Replication of the majority of significant eVNTRs and mVNTRs in an independent cohort We performed replication analysis in the PPMI cohort, which comprises 712 individuals, with Illumina WGS, DNA methylation, and RNA-seq data derived from whole blood. We observed that 73% of significant eVNTRs detected in GTEx whole blood were also identified as significant in the PPMI cohort.
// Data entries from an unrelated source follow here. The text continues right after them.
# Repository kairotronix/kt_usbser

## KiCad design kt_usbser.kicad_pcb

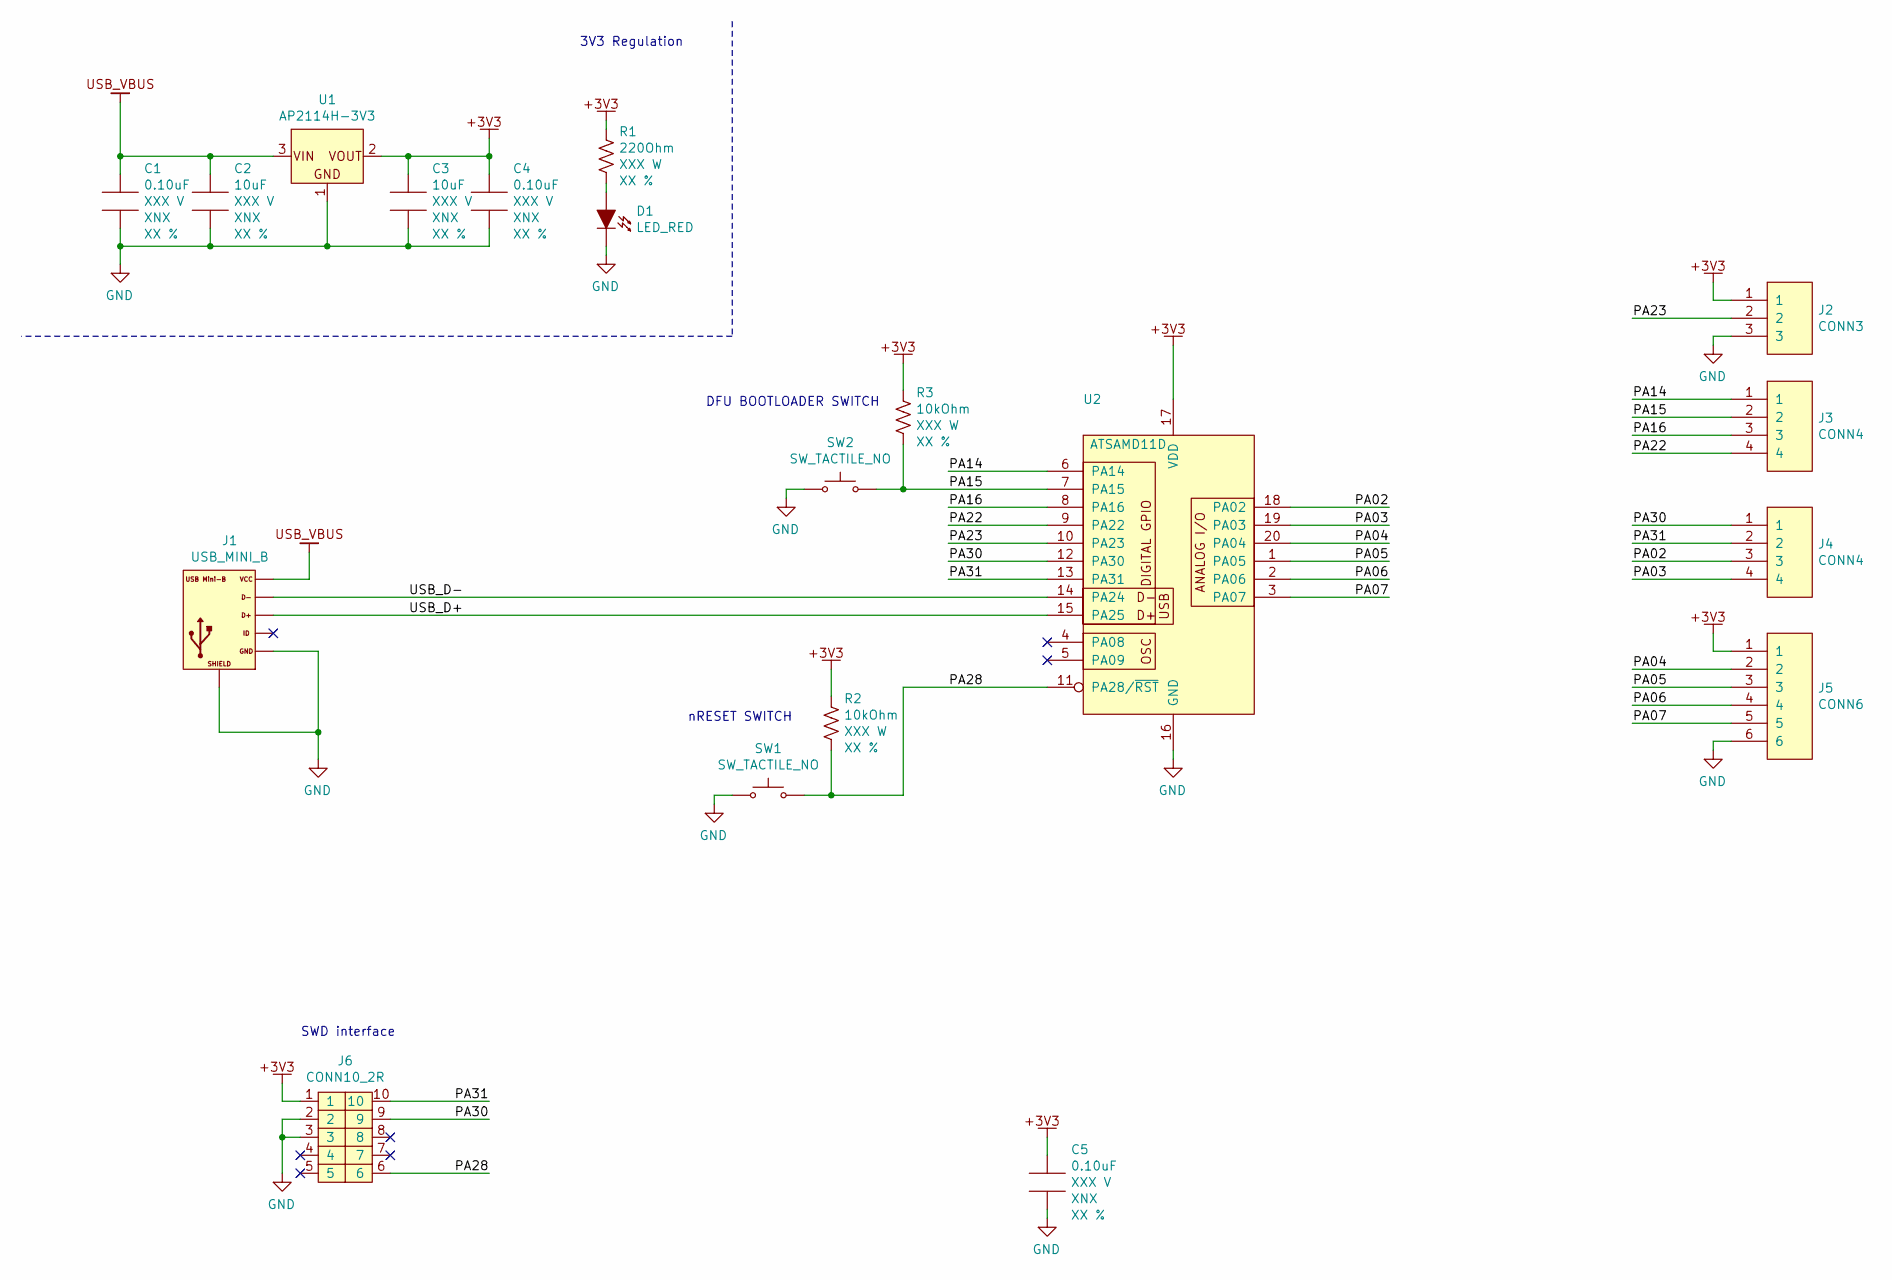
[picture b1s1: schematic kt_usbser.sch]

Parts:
C1, C4, C5: 0.10uF; CAP_0603; Voltage XXX V; Tolerance XX %
C2, C3: 10uF; CAP_0603; Voltage XXX V; Tolerance XX %
D1: LED_RED; LED_0805
J1: USB_MINI_B; USB_MINIB_THT_TE_2172034-1
J2: CONN3; 1x03_0.1inch_vertical_header
J3, J4: CONN4; 1x04_0.1inch_vertical_header
J5: CONN6; 1x06_0.1inch_vertical_header
J6: CONN10_2R; VERT_2R_10POS_1P27MM
R1: 220Ohm; RES_0603; Tolerance XX %
R2, R3: 10kOhm; RES_0603; Tolerance XX %
SW1, SW2: SW_TACTILE_NO; 5p2x5p2_SMD; MFG1 P/N PTS526 SMG15 SMTR2 LFS
U1: AP2114H-3V3; SOT-223; MFG P/N AP2114H-3.3TRG1
U2: ATSAMD11D; SOIC-20; MFG1 P/N ATSAMD11D14A-SSUT

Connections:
3V3: C3.1, C4.1, C5.1, J2.1, J5.1, J6.1, R1.1, R2.1, R3.1, U1.2 (VOUT), U1.4 (VOUT), U2.17 (VDD)
/PA02: J4.3, U2.18 (PA02)
/PA03: J4.4, U2.19 (PA03)
/PA04: J5.2, U2.20 (PA04)
/PA05: J5.3, U2.1 (PA05)
/PA06: J5.4, U2.2 (PA06)
/PA07: J5.5, U2.3 (PA07)
/PA14: J3.1, U2.6 (PA14)
/PA15: J3.2, R3.2, SW2.3, SW2.4, U2.7 (PA15)
/PA16: J3.3, U2.8 (PA16)
/PA22: J3.4, U2.9 (PA22)
/PA23: J2.2, U2.10 (PA23)
/PA28: J6.6, R2.2, SW1.3, SW1.4, U2.11 (PA28/~RST)
/PA30: J4.1, J6.9, U2.12 (PA30)
/PA31: J4.2, J6.10, U2.13 (PA31)
/USB_D+: J1.3, U2.15 (PA25)
/USB_D-: J1.2, U2.14 (PA24)
GND: C1.2, C2.2, C3.2, C4.2, C5.2, D1.2, J1.5, J1.SHIELD, J2.3, J5.6, J6.2, J6.3, SW1.1, SW1.2, SW2.1, SW2.2, U1.1 (GND), U2.16 (GND)
unnamed: D1.1, R1.2
USB_VBUS: C1.1, C2.1, J1.1, U1.3 (VIN)

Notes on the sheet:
3V3 Regulation
nRESET SWITCH
DFU BOOTLOADER SWITCH
SWD interface

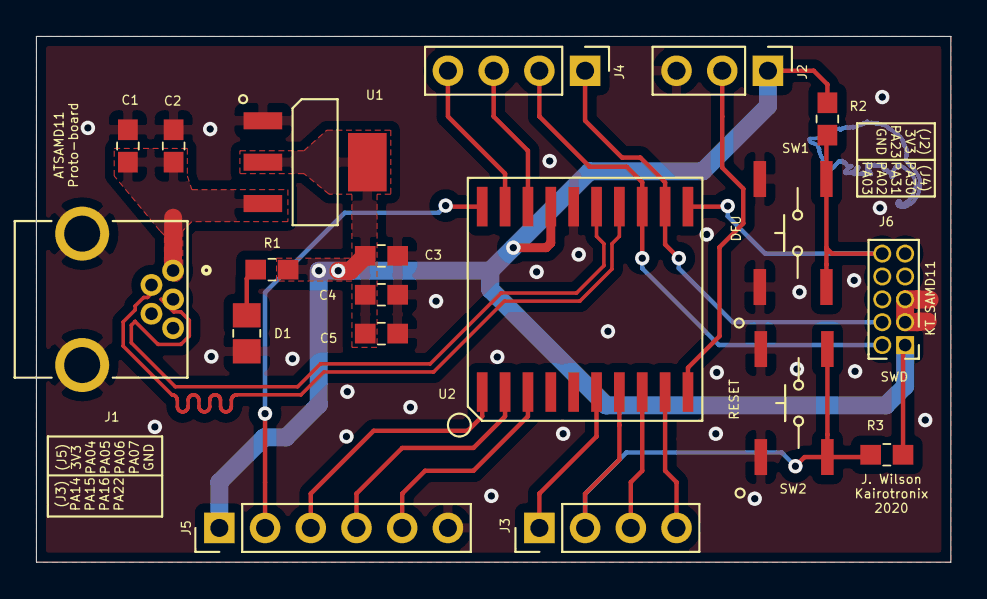
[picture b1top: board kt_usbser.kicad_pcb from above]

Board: 2 copper layers, 50.8 x 29.2 mm, 19 parts (0 on the bottom side), 20 nets.

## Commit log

2020-10-05 Initial upload of finished PCB. Should do some cleanup probably.

Similarly, 80% of significant mVNTRs detected in the PCGC discovery cohort were also significant in the PPMI cohort. Points shown in gray were non-significant in both discovery and replication cohorts, points in orange were significant in one cohort, while points in red were significant in both cohorts.

Figure 5

Additional replication of mVNTRs from direct VNTR genotyping and methylation profiling in 30 genomes sequenced with Oxford Nanopore long reads (A) Outline of how phased long reads can be used to perform allelic association analysis of VNTR genotype with cis-linked CpG methylation levels. In each individual, ONT reads are phased into the two haplotypes via SNVs (colored letters), VNTRs (blue blocks) are genotyped directly on each haplotype based on the phased assemblies, and CpG methylation levels (lollipops) on each haplotype are estimated on the basis of electrical current signals from each phased read. (B) For mVNTR:CpG pairs identified in the PCGC discovery cohort that had ≥20 haplotypes each with ≥10× coverage in the 30 available ONT genomes, 163 of 228 (71%) showed the same directionality of association in this independent dataset. (C) Copy number of an 83-mer VNTR (chr17: 216,953–218,561, hg38, indicated by the red bar) that lies intronic within RPH3AL is positively associated with local DNA methylation, including an annotated enhancer of RPH3AL. This same VNTR was negatively associated with RPH3AL expression in 22 GTEx tissues. (D) Copy number of a 32-mer VNTR (chr1: 1,080,637–1,081,029, hg38, indicated by the red bar) that lies ∼800 bp upstream of C1orf159 is negatively associated with local DNA methylation, including a region of H3K4 mono-methylation and DNaseI hypersensitivity. This same VNTR was positively associated with C1orf159 expression in six GTEx tissues. In (C) and (D), plots show the correlation (R) values and unadjusted p values between VNTR copy number and CpG methylation measured directly from ONT reads. The dashed vertical lines indicate the position of a CpG that was associated with VNTR copy number in the PCGC discovery cohort. Correlation values are colored according to their significance in the 30 ONT genomes: yellow indicates p < 0.1, orange p < 0.05, and red p < 0.01. Below the plots are screenshots from the UCSC Genome Browser showing annotations of RefSeq genes, simple repeats, and regulatory regions.

Figure 6

VNTRs with high population divergence are enriched for functional associations with gene expression, methylation, and human traits We estimated population stratification of VNTR copy number with the V_ST statistic in samples from the Human Genome Diversity Panel. Both eVNTRs and mVNTRs were enriched for VNTRs with high V_ST, and consistent with the notion that selection may have acted to modify copy number of functional VNTR loci in specific populations, we also observed that eVNTRs with elevated V_ST were enriched for putative phenotype associations. Shown are six example VNTRs with high V_ST. (A) A 40-mer VNTR (chr12: 499,333–499,718, hg38) expanded in the Oceanic population. (B) A 33-mer VNTR (chr21: 27,626,691–27,627,440, hg38) expanded in Asians. (C) A 20-mer VNTR (chr2: 220,823,510–220,823,980, hg38) expanded in Americans. (D) An 81-mer VNTR (chr2: 241,457,351–241,457,836, hg38) expanded in Americans is associated with expression level of SEPT2 (MIM: 601506) in skin and thyroid and is potentially linked to multiple human traits by GWASs. (E) A 24-mer VNTR (chr20: 62,825,064–62,825,209, hg38) expanded in East Asians is associated with expression level of COL9A3 (MIM: 120270) in adipose tissue, muscle, and blood. (F) A 39-mer VNTR (chr19: 3,177,632–3,178,287, hg38) expanded in East Asians is associated with expression level of S1PR4 (MIM: 603751) in mammary tissue, thyroid, and esophagus.